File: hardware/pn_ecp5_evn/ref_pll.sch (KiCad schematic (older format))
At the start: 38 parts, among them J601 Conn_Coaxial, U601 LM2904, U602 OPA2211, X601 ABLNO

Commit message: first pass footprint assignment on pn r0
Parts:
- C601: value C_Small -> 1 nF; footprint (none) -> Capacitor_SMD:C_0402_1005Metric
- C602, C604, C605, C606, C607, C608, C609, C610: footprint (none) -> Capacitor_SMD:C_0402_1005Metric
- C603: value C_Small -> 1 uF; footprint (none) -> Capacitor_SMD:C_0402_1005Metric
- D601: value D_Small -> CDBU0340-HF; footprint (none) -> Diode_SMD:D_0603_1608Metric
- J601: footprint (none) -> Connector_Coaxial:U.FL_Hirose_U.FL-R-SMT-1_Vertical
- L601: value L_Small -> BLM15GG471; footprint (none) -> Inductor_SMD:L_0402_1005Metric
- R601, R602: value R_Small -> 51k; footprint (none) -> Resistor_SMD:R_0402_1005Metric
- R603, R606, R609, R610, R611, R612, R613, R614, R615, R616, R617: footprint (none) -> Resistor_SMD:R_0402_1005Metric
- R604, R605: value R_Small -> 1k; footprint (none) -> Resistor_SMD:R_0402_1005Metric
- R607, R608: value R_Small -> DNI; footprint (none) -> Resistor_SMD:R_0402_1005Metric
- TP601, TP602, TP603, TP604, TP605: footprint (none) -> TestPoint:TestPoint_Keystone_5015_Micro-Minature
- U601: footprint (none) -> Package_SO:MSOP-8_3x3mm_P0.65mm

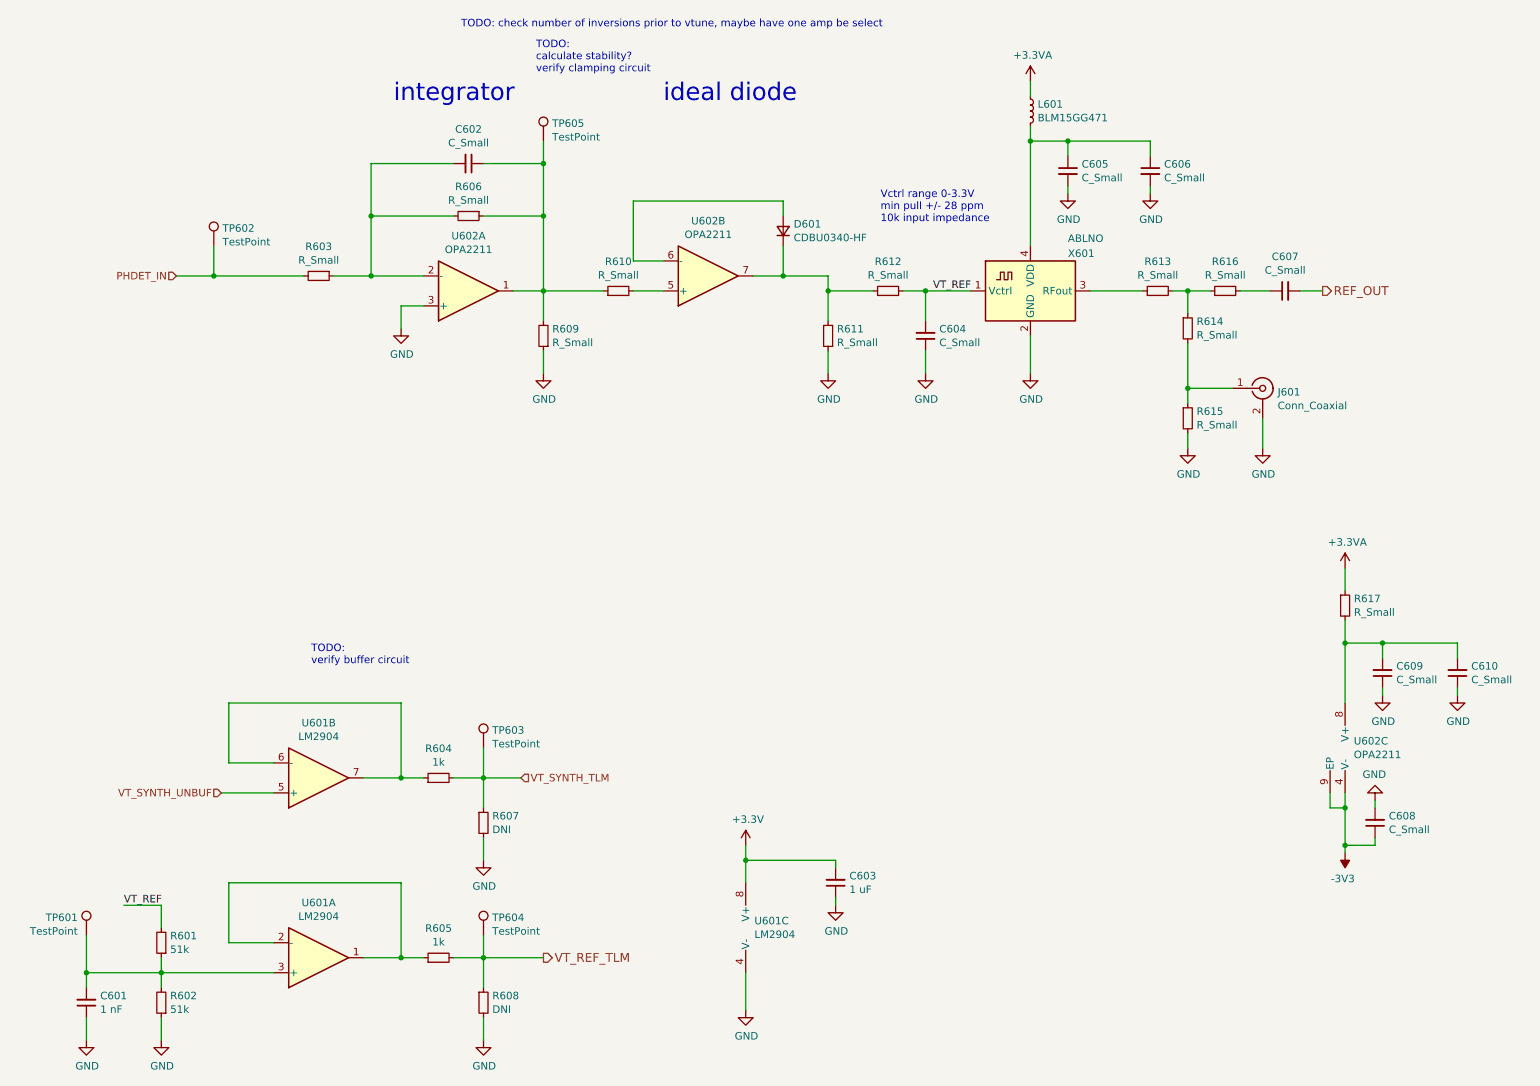
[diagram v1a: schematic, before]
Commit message: started component placement on phase noise analyzer
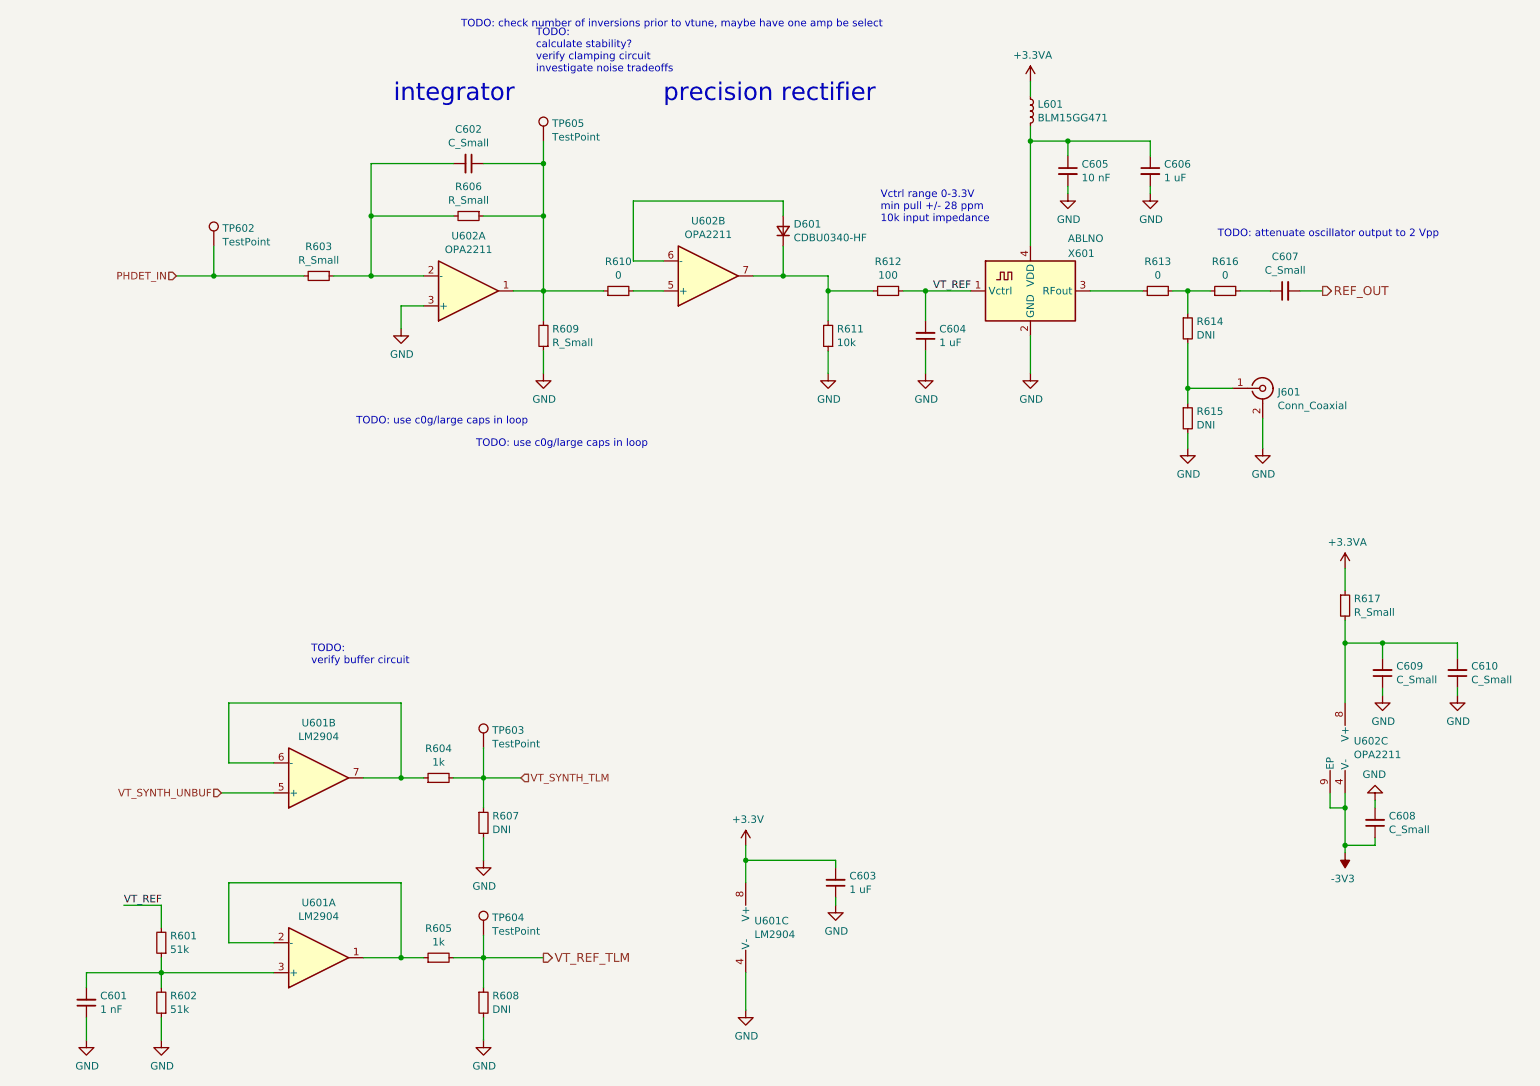
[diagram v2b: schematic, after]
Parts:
- removed TP601: TestPoint, TestPoint:TestPoint_Keystone_5015_Micro-Minature, symbol Connector:TestPoint
- C602: footprint Capacitor_SMD:C_0402_1005Metric -> Capacitor_SMD:C_0603_1608Metric
- C604: value C_Small -> 1 uF; footprint Capacitor_SMD:C_0402_1005Metric -> Capacitor_SMD:C_0603_1608Metric
- C605: value C_Small -> 10 nF
- C606: value C_Small -> 1 uF
- R610, R613, R616: value R_Small -> 0
- R611: value R_Small -> 10k
- R612: value R_Small -> 100
- R614, R615: value R_Small -> DNI
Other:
- note added: "TODO: attenuate oscillator output to 2 Vpp"
- note added: "TODO: use c0g/large caps in loop"
- note added: "TODO:\ncalculate stability?\nverify clamping circuit\ninvestigate noise tradeoffs"
- note added: "precision rectifier"
- note removed: "TODO:\ncalculate stability?\nverify clamping circuit"
- note removed: "ideal diode"
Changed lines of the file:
@@
 F 0 "C602" V 3421 1550 50  0000 C CNN
 F 1 "C_Small" V 3512 1550 50  0000 C CNN
-F 2 "Capacitor_SMD:C_0402_1005Metric" H 3650 1550 50  0001 C CNN
+F 2 "Capacitor_SMD:C_0603_1608Metric" H 3650 1550 50  0001 C CNN
 F 3 "~" H 3650 1550 50  0001 C CNN
 	1    3650 1550
@@
 AR Path="/5F4ECD93/5F4F2765" Ref="R612"  Part="1"
 F 0 "R612" V 6646 2400 50  0000 C CNN
-F 1 "R_Small" V 6555 2400 50  0000 C CNN
+F 1 "100" V 6555 2400 50  0000 C CNN
 F 2 "Resistor_SMD:R_0402_1005Metric" H 6450 2400 50  0001 C CNN
 F 3 "~" H 6450 2400 50  0001 C CNN
@@
 AR Path="/5F4ECD93/5F4F276B" Ref="C604"  Part="1"
 F 0 "C604" H 6608 2654 50  0000 R CNN
-F 1 "C_Small" H 6608 2745 50  0000 R CNN
-F 2 "Capacitor_SMD:C_0402_1005Metric" H 6700 2700 50  0001 C CNN
+F 1 "1 uF" H 6608 2745 50  0000 R CNN
+F 2 "Capacitor_SMD:C_0603_1608Metric" H 6700 2700 50  0001 C CNN
 F 3 "~" H 6700 2700 50  0001 C CNN
 	1    6700 2700
@@
 AR Path="/5F4ECD93/5F4F2784" Ref="C605"  Part="1"
 F 0 "C605" H 7742 1646 50  0000 L CNN
-F 1 "C_Small" H 7742 1555 50  0000 L CNN
+F 1 "10 nF" H 7742 1555 50  0000 L CNN
 F 2 "Capacitor_SMD:C_0402_1005Metric" H 7650 1600 50  0001 C CNN
 F 3 "~" H 7650 1600 50  0001 C CNN
@@
 AR Path="/5F4ECD93/5F4F278A" Ref="C606"  Part="1"
 F 0 "C606" H 8292 1646 50  0000 L CNN
-F 1 "C_Small" H 8292 1555 50  0000 L CNN
+F 1 "1 uF" H 8292 1555 50  0000 L CNN
 F 2 "Capacitor_SMD:C_0402_1005Metric" H 8200 1600 50  0001 C CNN
 F 3 "~" H 8200 1600 50  0001 C CNN
@@
 AR Path="/5F4ECD93/5F4F27C9" Ref="R610"  Part="1"
 F 0 "R610" V 4846 2400 50  0000 C CNN
-F 1 "R_Small" V 4755 2400 50  0000 C CNN
+F 1 "0" V 4755 2400 50  0000 C CNN
 F 2 "Resistor_SMD:R_0402_1005Metric" H 4650 2400 50  0001 C CNN
 F 3 "~" H 4650 2400 50  0001 C CNN
@@
 AR Path="/5F4ECD93/5F4F27DD" Ref="R611"  Part="1"
 F 0 "R611" H 5991 2654 50  0000 R CNN
-F 1 "R_Small" H 5991 2745 50  0000 R CNN
+F 1 "10k" H 5991 2745 50  0000 R CNN
 F 2 "Resistor_SMD:R_0402_1005Metric" H 6050 2700 50  0001 C CNN
 F 3 "~" H 6050 2700 50  0001 C CNN
@@
 AR Path="/5F4ECD93/5F6D0307" Ref="R613"  Part="1"
 F 0 "R613" V 8446 2400 50  0000 C CNN
-F 1 "R_Small" V 8355 2400 50  0000 C CNN
+F 1 "0" V 8355 2400 50  0000 C CNN
 F 2 "Resistor_SMD:R_0402_1005Metric" H 8250 2400 50  0001 C CNN
 F 3 "~" H 8250 2400 50  0001 C CNN
@@
 AR Path="/5F4ECD93/5F6DDC7F" Ref="R616"  Part="1"
 F 0 "R616" V 8896 2400 50  0000 C CNN
-F 1 "R_Small" V 8805 2400 50  0000 C CNN
+F 1 "0" V 8805 2400 50  0000 C CNN
 F 2 "Resistor_SMD:R_0402_1005Metric" H 8700 2400 50  0001 C CNN
 F 3 "~" H 8700 2400 50  0001 C CNN
@@
 AR Path="/5F4ECD93/5F6DE0EC" Ref="R614"  Part="1"
 F 0 "R614" H 8509 2696 50  0000 L CNN
-F 1 "R_Small" H 8509 2605 50  0000 L CNN
+F 1 "DNI" H 8509 2605 50  0000 L CNN
 F 2 "Resistor_SMD:R_0402_1005Metric" H 8450 2650 50  0001 C CNN
 F 3 "~" H 8450 2650 50  0001 C CNN
@@
 AR Path="/5F4ECD93/5F6ED4C4" Ref="R615"  Part="1"
 F 0 "R615" H 8509 3296 50  0000 L CNN
-F 1 "R_Small" H 8509 3205 50  0000 L CNN
+F 1 "DNI" H 8509 3205 50  0000 L CNN
 F 2 "Resistor_SMD:R_0402_1005Metric" H 8450 3250 50  0001 C CNN
 F 3 "~" H 8450 3250 50  0001 C CNN
@@
 	8800 2400 9000 2400
 $Comp
-L Connector:TestPoint TP601
-U 1 1 5F71DFF3
-P 1100 6700
-F 0 "TP601" H 1158 6818 50  0000 L CNN
-F 1 "TestPoint" H 1158 6727 50  0000 L CNN
-F 2 "TestPoint:TestPoint_Keystone_5015_Micro-Minature" H 1300 6700 50  0001 C CNN
-F 3 "~" H 1300 6700 50  0001 C CNN
-	1    1100 6700
-	-1   0    0    -1
-$EndComp
-$Comp
 L Connector:TestPoint TP605
 U 1 1 5F7225E6
@@
 	3750 6700 3750 6850
 Wire Wire Line
-	1100 6700 1100 6950
-Connection ~ 1100 6950
-Wire Wire Line
 	1950 2300 1700 2300
 Connection ~ 1950 2300
@@
 PHDET_IN
 Text Notes 4100 950  0    50   ~ 0
-TODO:\ncalculate stability?\nverify clamping circuit
+TODO:\ncalculate stability?\nverify clamping circuit\ninvestigate noise tradeoffs
 Text Notes 2600 4900 0    50   ~ 0
 TODO:\nverify buffer circuit
@@
 integrator
 Text Notes 4950 1150 0    118  ~ 0
-ideal diode
+precision rectifier
+Text Notes 3700 3450 0    50   ~ 0
+TODO: use c0g/large caps in loop
+Text Notes 8650 2050 0    50   ~ 0
+TODO: attenuate oscillator output to 2 Vpp
+Text Notes 2900 3300 0    50   ~ 0
+TODO: use c0g/large caps in loop
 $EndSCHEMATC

══════════

ABOUT THIS EXERCISE:
Using the data above, set down each line from the line with "- R601, R602: value" to the line with "[diagram v1a: schematic, before]" exactly, both ends included, and leave the pictures behind. Nothing else belongs.

EXPECTED ANSWER:
- R601, R602: value R_Small -> 51k; footprint (none) -> Resistor_SMD:R_0402_1005Metric
- R603, R606, R609, R610, R611, R612, R613, R614, R615, R616, R617: footprint (none) -> Resistor_SMD:R_0402_1005Metric
- R604, R605: value R_Small -> 1k; footprint (none) -> Resistor_SMD:R_0402_1005Metric
- R607, R608: value R_Small -> DNI; footprint (none) -> Resistor_SMD:R_0402_1005Metric
- TP601, TP602, TP603, TP604, TP605: footprint (none) -> TestPoint:TestPoint_Keystone_5015_Micro-Minature
- U601: footprint (none) -> Package_SO:MSOP-8_3x3mm_P0.65mm

[diagram v1a: schematic, before]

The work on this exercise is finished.